Слабость Наваррского — женщины, и Екатерина считала, что может добиться своего.
Немногие из женщин, чья молодость позади — и даже молодые, но не блещущие внешностью, — стали б окружать себя красавицами. Екатерина на это пошла. Фрейлины ее славились красотой; более того, они не были бы приняты в свиту королевы, если б не владели искусством соблазна, поскольку их главной обязанностью было становиться любовницами мужчин, указанных королевой-матерью.
Хотя все прекрасно знали, почему Екатерина подбирает красивых фрейлин в свой «летучий эскадрон», жертвы их позволяли кружить себе головы, и если это продолжалось довольно долго, соблазнительность приманки становилась неодолимой.
Екатерина стала искать в своем «летучем эскадроне» — все фрейлины были прекрасными наездницами и повсюду сопровождали ее — женщину, способную справиться с данной задачей.
Выбор ее пал на Шарлотту де Сов. Молодая и красивая, она к тому же блистала умом и остроумием. В любовных делах отличалась ненасытностью; барон, ее муж, явно не мог удовлетворить такую женщину. Он был статс-секретарем, хорошим политиком, но, поскольку проявлял больше интереса к залу заседаний, чем к спальне, вряд ли стал подходящим мужем для Шарлотты.
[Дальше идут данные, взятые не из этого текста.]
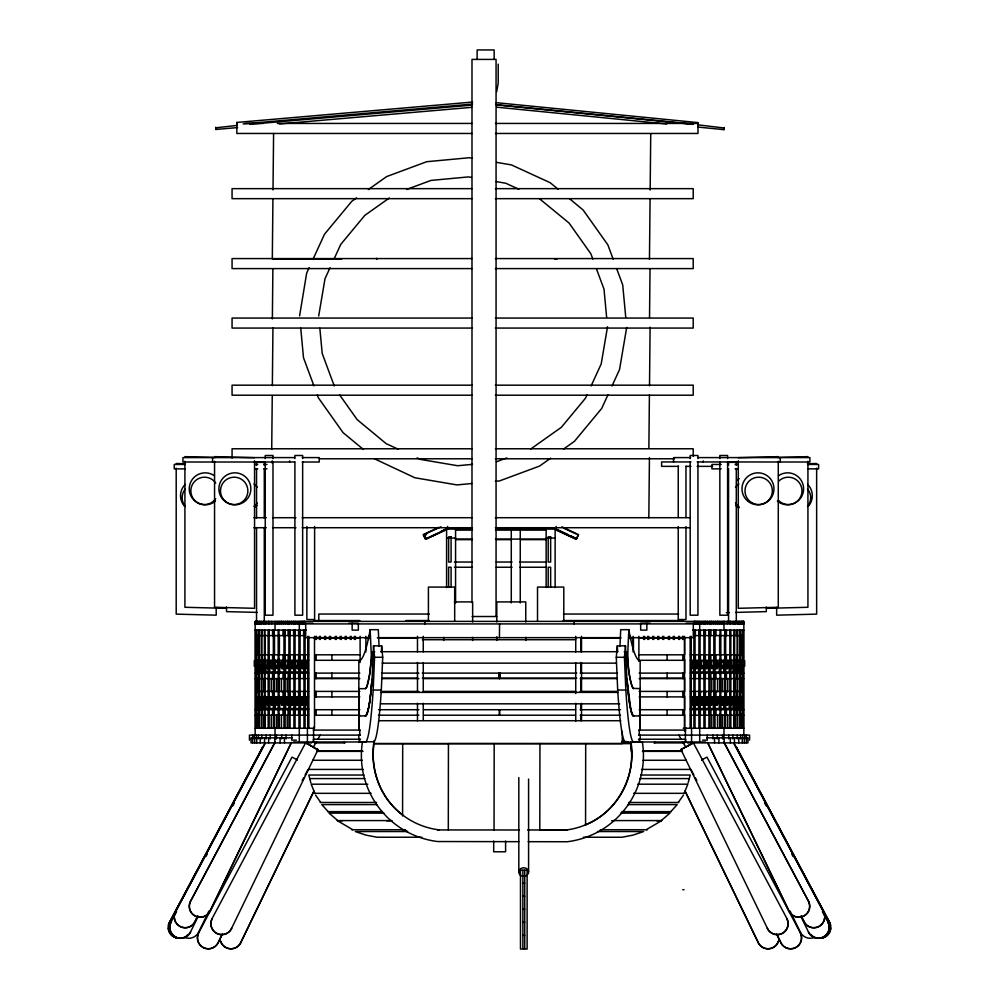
<?xml version="1.0" encoding="UTF-8"?>
<svg xmlns="http://www.w3.org/2000/svg" width="999" height="999" viewBox="0 0 999 999"><rect width="100%" height="100%" fill="white"/><g stroke="black" fill="none" stroke-linecap="round" stroke-linejoin="round"><path stroke-width="1.5" d="M402.572 815.996L402.697 743.556M448.301 829.944L448.439 743.556L631.443 743.631M494.043 829.944L494.193 743.556M539.797 829.944L539.947 743.556M585.564 825.324L585.701 743.556M631.443 744.954C635.239 777.909 616.833 812.362 585.564 824.799M742.781 665.759L742.756 668.918M272.927 198.689L272.315 258.941L341.621 259.24M273.014 189.897L273.589 133.429M272.365 318.881L272.877 268.818M271.716 449.4L272.252 395.641M272.352 385.689L272.939 328.034M272.228 463.174L272.252 460.826M649.462 259.34L650.074 199.176M650.162 190.022L650.736 133.916M649.537 317.445L650.024 269.131M648.875 447.964L649.412 394.955M649.512 385.801L650.099 327.135M648.826 517.794L649.437 457.592M741.857 665.471L741.77 667.994M742.756 705.519L742.756 698.338M261.376 701.798L261.014 705.294L261.076 697.552L261.501 704.595M261.363 701.048L261.551 697.889M256.243 698.338L256.243 705.519M737.637 665.471L737.337 668.693L737.112 661.663M738.286 665.471C738.024 674.337 736.95 659.515 738.161 661.825M365.197 716.121L365.934 715.734A181.556 11.376 -90 0 0 372.065 679.37C370.704 688.011 370.979 705.132 365.934 715.734L358.828 716.121M372.115 678.683L373.514 645.841L381.655 645.841L382.717 657.28L381.318 690.047A181.556 11.376 90 0 1 374.076 741.807L362.45 741.807A86.751 86.751 0 0 0 437.649 841.533L518.793 841.67M365.197 742.195L365.934 741.807A181.556 11.376 -90 0 0 373.176 690.047L374.575 657.28L373.514 645.841M381.406 651.798L381.655 645.841M237.425 125.387L215.709 127.81L215.871 129.458L237.6 127.585M215.871 129.458L215.684 127.26M236.751 122.452L236.925 124.438L236.751 122.452L472.589 102.06M619.954 646.465L620.704 629.682L628.846 629.682L629.37 632.567A561.575 35.202 90 0 0 640.172 661.063L640.134 730.082M628.846 629.682C628.046 648.925 625.649 669.942 633.066 688.311L640.172 688.661M257.218 698.426L257.23 704.595M741.77 704.595L741.782 698.426M698.076 122.652L697.876 124.613L698.076 122.615L495.791 102.635M697.689 127.048L723.975 129.645L724.15 127.997L697.889 124.85M640.172 716.121L633.066 715.771L630.881 710.052L626.873 678.696L625.486 645.841L617.345 645.841L616.283 657.28L617.682 690.047A181.556 11.376 -90 0 0 625.661 742.195L628.371 742.195M358.828 688.661L365.197 688.661L366.658 687.175L369.505 675.162L372.065 651.885L374.775 651.885M374.076 740.534C369.705 768.144 379.782 797.989 402.572 814.947M737.499 704.595L737.924 697.552L737.986 705.294L737.624 701.798M633.803 742.195L633.066 741.807A181.556 11.376 90 0 1 625.824 690.047L624.425 657.28L625.486 645.841M626.123 660.739L626.935 651.885L624.225 651.885M263.674 661.825L264.036 668.656L263.998 660.951L263.611 667.582M263.674 698.426L264.036 705.257L263.998 697.552L263.611 704.183M721.053 663.211L721.141 662.349M721.778 662.349L721.69 663.211A4.583 0.962 -90 0 0 721.665 666.183L722.19 668.656L722.926 666.433A4.583 0.962 -90 0 0 722.976 665.471M721.053 699.812L721.141 698.95M270.904 663.461L271.341 661.288A4.183 0.874 -90 0 1 271.99 661.188A4.183 0.874 -90 0 1 272.19 660.988M270.904 700.062L271.341 697.889A4.183 0.874 -90 0 1 271.99 697.789L272.465 699.812A3.759 0.787 -90 0 1 272.477 702.796L272.04 704.969A4.183 0.874 -90 0 1 271.391 705.069L270.916 703.034A3.759 0.787 -90 0 1 271.016 700.062M724.188 127.497L723.975 129.645M734.665 704.595L734.59 697.889M260.839 661.825C262.05 659.515 260.976 674.337 260.714 665.471M261.825 704.969L261.813 697.789M280.969 663.461L281.531 661.288A4.308 1.136 -90 0 1 282.355 661.188L282.967 663.211A3.709 0.974 -90 0 1 282.992 666.196L282.43 668.368A4.308 1.136 -90 0 1 281.606 668.468L281.006 666.433M280.969 700.062L281.531 697.889A4.308 1.136 -90 0 1 282.355 697.789L282.967 699.812A3.709 0.974 -90 0 1 282.992 702.796L282.43 704.969A4.308 1.136 -90 0 1 281.606 705.069L281.006 703.034M737.187 697.789L737.175 704.969M277.759 667.832L277.972 666.196A4.583 0.962 -90 0 0 277.947 663.211L277.859 662.349M318.693 315.984L325.012 278.696L330.057 267.72M607.517 326.748L601.198 363.948L591.108 385.926M626.685 327.472L619.53 369.605L611.987 386.026M716.033 663.211L716.645 661.188A4.308 1.136 -90 0 1 717.469 661.288L718.031 663.461A3.709 0.974 -90 0 1 717.994 666.433L717.394 668.468A4.308 1.136 -90 0 1 716.57 668.368L716.008 666.196M716.033 699.812L716.645 697.789A4.308 1.136 -90 0 1 717.469 697.889L718.031 700.062A3.709 0.974 -90 0 1 717.994 703.034L717.394 705.069A4.308 1.136 -90 0 1 716.57 704.969L716.008 702.796M379.046 646.465L378.296 629.682L370.154 629.682L369.63 632.567A561.575 35.202 -90 0 1 358.828 661.063L358.866 730.082M264.41 697.889L264.335 704.595M264.785 704.969L264.76 697.789M722.065 667.994L722.289 666.433A4.583 0.962 -90 0 0 722.339 665.471M722.065 704.595L722.289 703.034A4.583 0.962 -90 0 0 722.302 700.062L721.952 697.889M272.864 667.832L273.114 666.196A3.759 0.787 -90 0 0 273.089 663.211L272.814 661.663M734.24 697.789L734.215 704.969M726.186 661.663L725.911 663.211A3.759 0.787 -90 0 0 725.886 666.196L726.136 667.832M727.16 704.595L727.447 703.034A3.759 0.787 -90 0 0 727.459 700.062L727.022 697.889M688.124 782.954L690.209 775.037L640.759 775.037M496.678 91.783L498.214 83.117L498.214 64.136M276.261 661.825L276.76 660.951L277.085 661.663M277.048 697.889L276.698 700.062A4.583 0.962 -90 0 0 276.711 703.034L276.935 704.595M277.61 704.969L277.972 702.796A4.583 0.962 -90 0 0 277.947 699.812L277.859 698.95M293.207 667.832L292.695 668.693L292.133 666.433A4.371 0.887 -90 0 1 292.108 663.461L292.645 660.988L293.169 661.663M298.202 667.832L297.69 668.693L297.128 666.433A4.371 0.887 -90 0 1 297.078 665.471M303.209 667.832L302.709 668.693L302.148 666.433A4.371 0.887 -90 0 1 302.123 663.461L302.66 660.988L303.172 661.663M308.229 667.832L307.729 668.693L307.155 666.433A4.371 0.887 -90 0 1 307.143 663.461L307.68 660.988L308.192 661.663M267.844 697.889L267.482 700.062A4.433 0.924 -90 0 0 267.495 703.034L268.256 705.257M721.915 661.663L722.24 660.951L722.739 661.825M690.809 661.663L691.32 660.988L691.857 663.461A4.371 0.887 -90 0 1 691.845 666.433L691.271 668.693L690.771 667.832M695.828 661.663L696.34 660.988L696.877 663.461A4.371 0.887 -90 0 1 696.852 666.433L696.291 668.693L695.791 667.832M700.836 661.663L701.173 660.951M705.831 661.663L706.355 660.988L706.892 663.461A4.371 0.887 -90 0 1 706.867 666.433L706.305 668.693L705.794 667.832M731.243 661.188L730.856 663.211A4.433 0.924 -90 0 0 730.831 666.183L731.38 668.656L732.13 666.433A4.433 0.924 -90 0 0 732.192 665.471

Вышла она за него семнадцатилетней, а теперь, в двадцать три, была опытной светской женщиной, завела любовников для своего удовольствия; и должна была завести еще двух по долгу службы.
Екатерина послала за Шарлоттой и, когда та пришла, обняла ее. Потом, отстранив на расстояние вытянутых рук, пристально вгляделась в миловидное, чувственное лицо фрейлины.
— Иногда мне кажется, — сказала королева-мать, — что ты если и не самая красивая женщина при дворе, то самая соблазнительная.